=== Required work ===
As the answer, give a copy of each line below that includes the word "schematic".

(Beginning of Given information)

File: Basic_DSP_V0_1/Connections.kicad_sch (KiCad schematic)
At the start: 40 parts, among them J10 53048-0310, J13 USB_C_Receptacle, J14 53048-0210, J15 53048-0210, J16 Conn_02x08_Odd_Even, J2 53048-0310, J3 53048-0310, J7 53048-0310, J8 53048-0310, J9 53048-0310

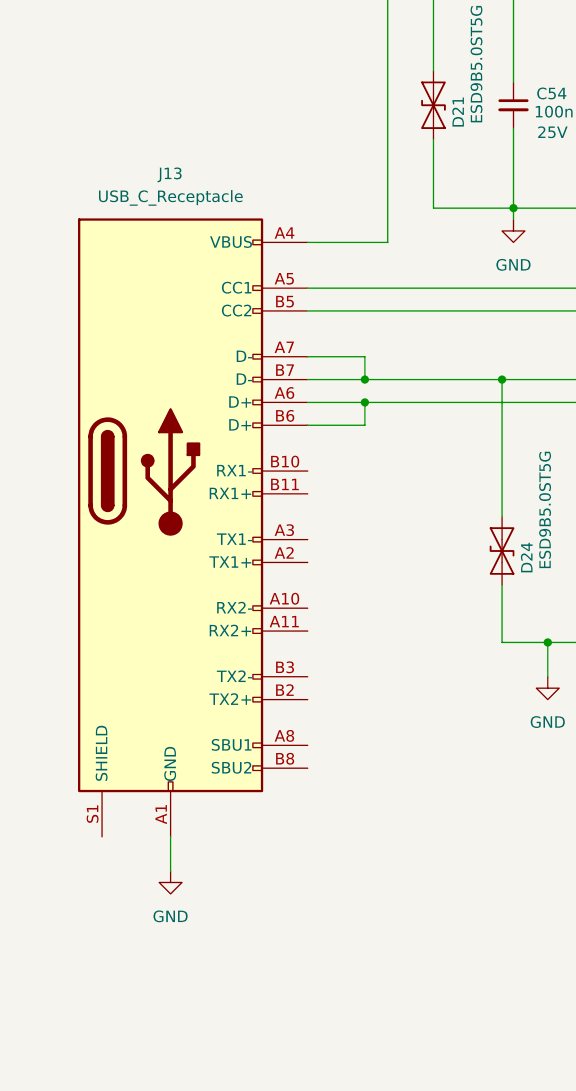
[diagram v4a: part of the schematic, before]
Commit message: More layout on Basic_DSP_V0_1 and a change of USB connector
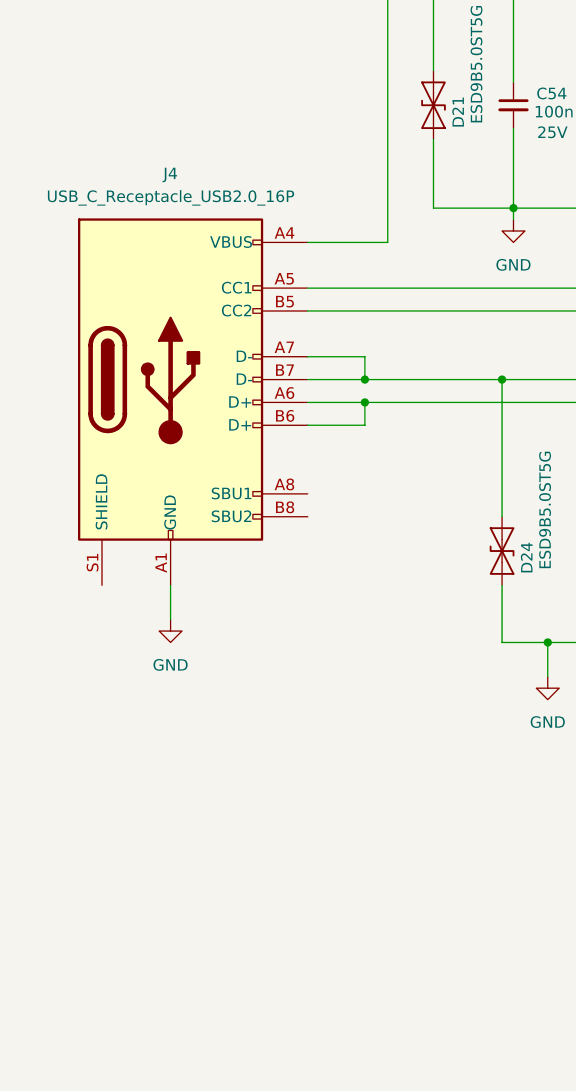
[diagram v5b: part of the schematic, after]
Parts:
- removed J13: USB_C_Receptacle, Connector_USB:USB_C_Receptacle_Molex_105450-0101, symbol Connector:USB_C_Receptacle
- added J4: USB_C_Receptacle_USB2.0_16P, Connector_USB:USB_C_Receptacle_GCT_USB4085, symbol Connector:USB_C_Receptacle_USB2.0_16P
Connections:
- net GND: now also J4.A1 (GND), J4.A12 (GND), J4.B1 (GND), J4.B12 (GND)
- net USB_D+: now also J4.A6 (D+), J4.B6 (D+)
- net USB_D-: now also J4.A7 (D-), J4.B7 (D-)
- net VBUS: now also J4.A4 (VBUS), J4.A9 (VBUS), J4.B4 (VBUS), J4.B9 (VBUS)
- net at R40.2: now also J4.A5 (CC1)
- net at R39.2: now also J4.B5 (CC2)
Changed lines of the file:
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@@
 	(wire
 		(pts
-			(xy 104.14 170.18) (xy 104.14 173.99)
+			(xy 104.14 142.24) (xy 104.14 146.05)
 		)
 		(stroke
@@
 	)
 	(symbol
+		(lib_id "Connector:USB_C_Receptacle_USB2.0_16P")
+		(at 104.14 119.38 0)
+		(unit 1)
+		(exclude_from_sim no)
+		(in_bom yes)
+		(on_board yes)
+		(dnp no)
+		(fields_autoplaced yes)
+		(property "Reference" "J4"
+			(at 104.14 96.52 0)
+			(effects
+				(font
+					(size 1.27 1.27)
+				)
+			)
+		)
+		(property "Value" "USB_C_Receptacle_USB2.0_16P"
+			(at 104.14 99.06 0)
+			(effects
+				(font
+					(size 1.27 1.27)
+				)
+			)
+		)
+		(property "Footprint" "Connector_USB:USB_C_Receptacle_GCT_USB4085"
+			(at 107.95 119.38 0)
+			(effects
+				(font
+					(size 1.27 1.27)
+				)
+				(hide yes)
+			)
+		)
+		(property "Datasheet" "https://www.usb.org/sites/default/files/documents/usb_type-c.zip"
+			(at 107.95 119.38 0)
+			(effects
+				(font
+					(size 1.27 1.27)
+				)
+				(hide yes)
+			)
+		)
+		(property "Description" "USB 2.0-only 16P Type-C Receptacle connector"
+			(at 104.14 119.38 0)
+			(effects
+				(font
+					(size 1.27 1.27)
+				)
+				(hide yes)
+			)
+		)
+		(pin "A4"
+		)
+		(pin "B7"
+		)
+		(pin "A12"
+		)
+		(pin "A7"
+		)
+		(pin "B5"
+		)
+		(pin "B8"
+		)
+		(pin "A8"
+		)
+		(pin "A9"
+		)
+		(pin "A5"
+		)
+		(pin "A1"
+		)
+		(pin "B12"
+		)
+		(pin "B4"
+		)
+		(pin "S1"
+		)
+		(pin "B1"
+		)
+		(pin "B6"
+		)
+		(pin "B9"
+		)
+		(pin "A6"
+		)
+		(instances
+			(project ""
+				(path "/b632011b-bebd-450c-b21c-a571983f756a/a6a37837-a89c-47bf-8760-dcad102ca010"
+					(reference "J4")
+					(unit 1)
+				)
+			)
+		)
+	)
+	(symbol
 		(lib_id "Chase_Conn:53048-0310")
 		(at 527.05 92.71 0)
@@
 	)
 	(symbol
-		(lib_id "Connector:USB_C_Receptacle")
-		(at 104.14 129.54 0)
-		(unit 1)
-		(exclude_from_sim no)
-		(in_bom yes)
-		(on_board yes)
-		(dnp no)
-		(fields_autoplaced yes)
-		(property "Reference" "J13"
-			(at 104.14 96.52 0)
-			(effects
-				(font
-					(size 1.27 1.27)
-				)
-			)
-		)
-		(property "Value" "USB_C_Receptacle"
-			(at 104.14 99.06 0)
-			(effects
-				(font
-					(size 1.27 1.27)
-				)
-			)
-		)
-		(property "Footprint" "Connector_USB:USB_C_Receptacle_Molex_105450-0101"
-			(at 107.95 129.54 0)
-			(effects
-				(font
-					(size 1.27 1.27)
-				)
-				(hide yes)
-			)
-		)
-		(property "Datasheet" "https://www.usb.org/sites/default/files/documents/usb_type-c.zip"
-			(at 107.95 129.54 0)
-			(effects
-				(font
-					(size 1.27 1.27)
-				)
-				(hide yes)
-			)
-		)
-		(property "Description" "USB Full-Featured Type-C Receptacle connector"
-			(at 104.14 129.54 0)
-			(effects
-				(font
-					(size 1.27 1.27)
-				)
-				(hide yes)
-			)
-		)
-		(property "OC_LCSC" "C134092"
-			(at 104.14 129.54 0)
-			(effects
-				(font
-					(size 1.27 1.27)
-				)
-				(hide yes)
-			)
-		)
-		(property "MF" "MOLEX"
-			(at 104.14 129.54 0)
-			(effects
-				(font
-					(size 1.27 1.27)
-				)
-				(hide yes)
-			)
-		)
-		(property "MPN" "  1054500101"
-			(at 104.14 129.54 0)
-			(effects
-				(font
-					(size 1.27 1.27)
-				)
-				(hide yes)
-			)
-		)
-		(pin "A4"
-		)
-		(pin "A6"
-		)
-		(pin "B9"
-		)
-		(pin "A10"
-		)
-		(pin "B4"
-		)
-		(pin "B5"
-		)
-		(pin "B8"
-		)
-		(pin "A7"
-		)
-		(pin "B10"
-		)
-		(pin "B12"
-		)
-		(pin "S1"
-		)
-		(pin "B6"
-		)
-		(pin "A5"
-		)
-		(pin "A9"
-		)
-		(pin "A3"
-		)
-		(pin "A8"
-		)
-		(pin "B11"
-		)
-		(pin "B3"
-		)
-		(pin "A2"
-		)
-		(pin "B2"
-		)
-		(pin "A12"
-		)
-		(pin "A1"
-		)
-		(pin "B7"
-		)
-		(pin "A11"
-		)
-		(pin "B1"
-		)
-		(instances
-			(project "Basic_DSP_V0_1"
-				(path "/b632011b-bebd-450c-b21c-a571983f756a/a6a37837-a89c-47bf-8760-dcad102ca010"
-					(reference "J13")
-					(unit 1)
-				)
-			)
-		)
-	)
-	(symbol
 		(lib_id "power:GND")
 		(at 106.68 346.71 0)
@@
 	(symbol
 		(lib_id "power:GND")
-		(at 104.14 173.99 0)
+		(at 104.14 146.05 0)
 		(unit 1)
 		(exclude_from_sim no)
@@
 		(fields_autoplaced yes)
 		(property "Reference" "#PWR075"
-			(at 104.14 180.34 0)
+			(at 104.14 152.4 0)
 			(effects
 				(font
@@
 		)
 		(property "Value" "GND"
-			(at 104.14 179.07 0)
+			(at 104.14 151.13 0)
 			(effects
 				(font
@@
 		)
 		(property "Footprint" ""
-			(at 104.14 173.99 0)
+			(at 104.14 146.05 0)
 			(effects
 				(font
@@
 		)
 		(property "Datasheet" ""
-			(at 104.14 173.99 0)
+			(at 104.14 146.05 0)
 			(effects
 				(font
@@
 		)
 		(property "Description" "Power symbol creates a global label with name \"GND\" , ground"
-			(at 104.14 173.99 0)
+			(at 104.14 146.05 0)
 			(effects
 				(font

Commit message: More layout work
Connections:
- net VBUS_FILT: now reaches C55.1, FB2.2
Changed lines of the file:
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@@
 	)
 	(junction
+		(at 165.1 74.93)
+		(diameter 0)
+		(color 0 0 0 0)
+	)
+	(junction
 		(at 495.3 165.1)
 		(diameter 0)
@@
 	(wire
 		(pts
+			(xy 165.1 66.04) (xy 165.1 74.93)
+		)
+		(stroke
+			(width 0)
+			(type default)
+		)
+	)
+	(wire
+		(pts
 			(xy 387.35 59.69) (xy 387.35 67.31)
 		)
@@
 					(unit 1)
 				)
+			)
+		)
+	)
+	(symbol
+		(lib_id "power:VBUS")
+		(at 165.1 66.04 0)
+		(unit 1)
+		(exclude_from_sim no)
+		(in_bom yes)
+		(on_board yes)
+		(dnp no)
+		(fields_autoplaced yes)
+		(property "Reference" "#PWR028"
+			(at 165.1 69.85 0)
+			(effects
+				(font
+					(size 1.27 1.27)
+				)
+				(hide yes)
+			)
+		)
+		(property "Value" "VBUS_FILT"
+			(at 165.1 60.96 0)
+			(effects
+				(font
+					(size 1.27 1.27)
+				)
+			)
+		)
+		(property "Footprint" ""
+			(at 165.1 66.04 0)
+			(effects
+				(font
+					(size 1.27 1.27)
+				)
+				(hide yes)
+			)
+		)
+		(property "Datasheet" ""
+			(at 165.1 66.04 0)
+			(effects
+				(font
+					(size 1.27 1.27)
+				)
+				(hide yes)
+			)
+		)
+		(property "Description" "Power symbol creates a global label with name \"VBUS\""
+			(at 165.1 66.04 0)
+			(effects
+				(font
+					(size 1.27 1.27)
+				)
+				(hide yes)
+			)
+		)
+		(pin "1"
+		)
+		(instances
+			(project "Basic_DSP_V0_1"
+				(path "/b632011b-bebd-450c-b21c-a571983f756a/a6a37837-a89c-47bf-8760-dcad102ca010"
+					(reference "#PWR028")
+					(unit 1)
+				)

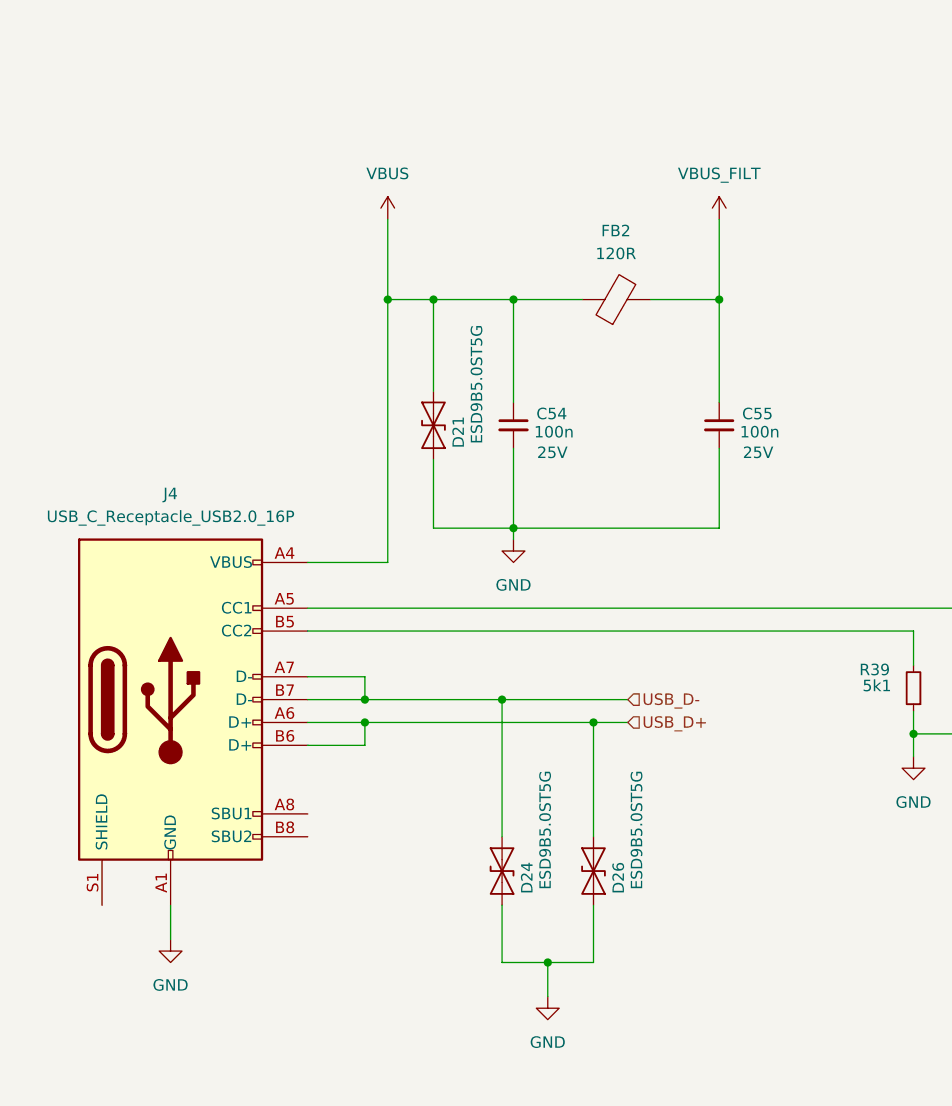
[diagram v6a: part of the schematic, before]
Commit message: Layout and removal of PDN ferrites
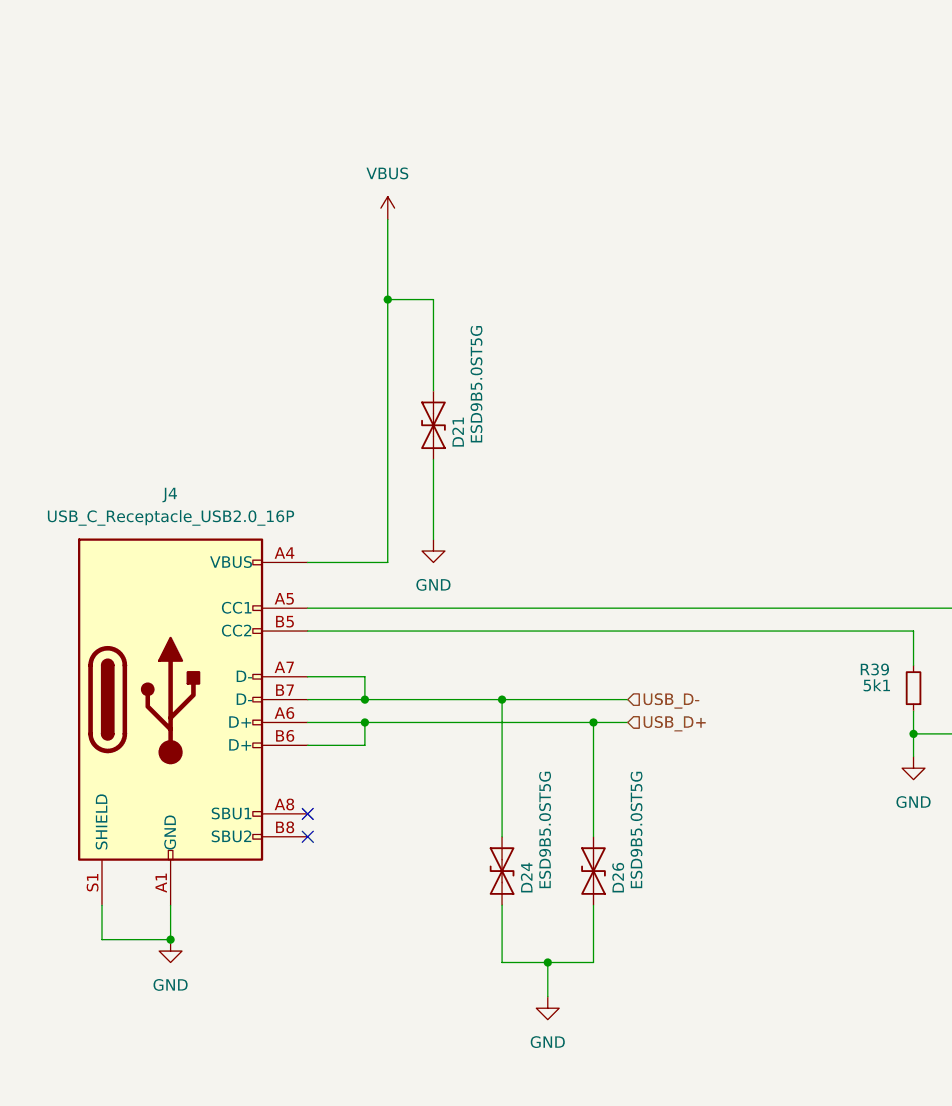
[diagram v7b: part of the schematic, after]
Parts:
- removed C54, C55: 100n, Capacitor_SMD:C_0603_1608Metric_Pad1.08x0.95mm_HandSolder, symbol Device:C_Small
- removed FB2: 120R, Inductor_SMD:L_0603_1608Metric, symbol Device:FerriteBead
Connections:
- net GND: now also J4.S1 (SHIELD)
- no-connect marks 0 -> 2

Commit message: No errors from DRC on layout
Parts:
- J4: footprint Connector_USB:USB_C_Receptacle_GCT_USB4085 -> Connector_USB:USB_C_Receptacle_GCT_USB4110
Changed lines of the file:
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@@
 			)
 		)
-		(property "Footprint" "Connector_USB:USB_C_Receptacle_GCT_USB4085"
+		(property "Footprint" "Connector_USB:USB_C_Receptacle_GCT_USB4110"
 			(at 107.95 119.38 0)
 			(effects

(End of Given information)

=== Response to the task ===
File: Basic_DSP_V0_1/Connections.kicad_sch (KiCad schematic)
[diagram v4a: part of the schematic, before]
[diagram v5b: part of the schematic, after]
[diagram v6a: part of the schematic, before]
[diagram v7b: part of the schematic, after]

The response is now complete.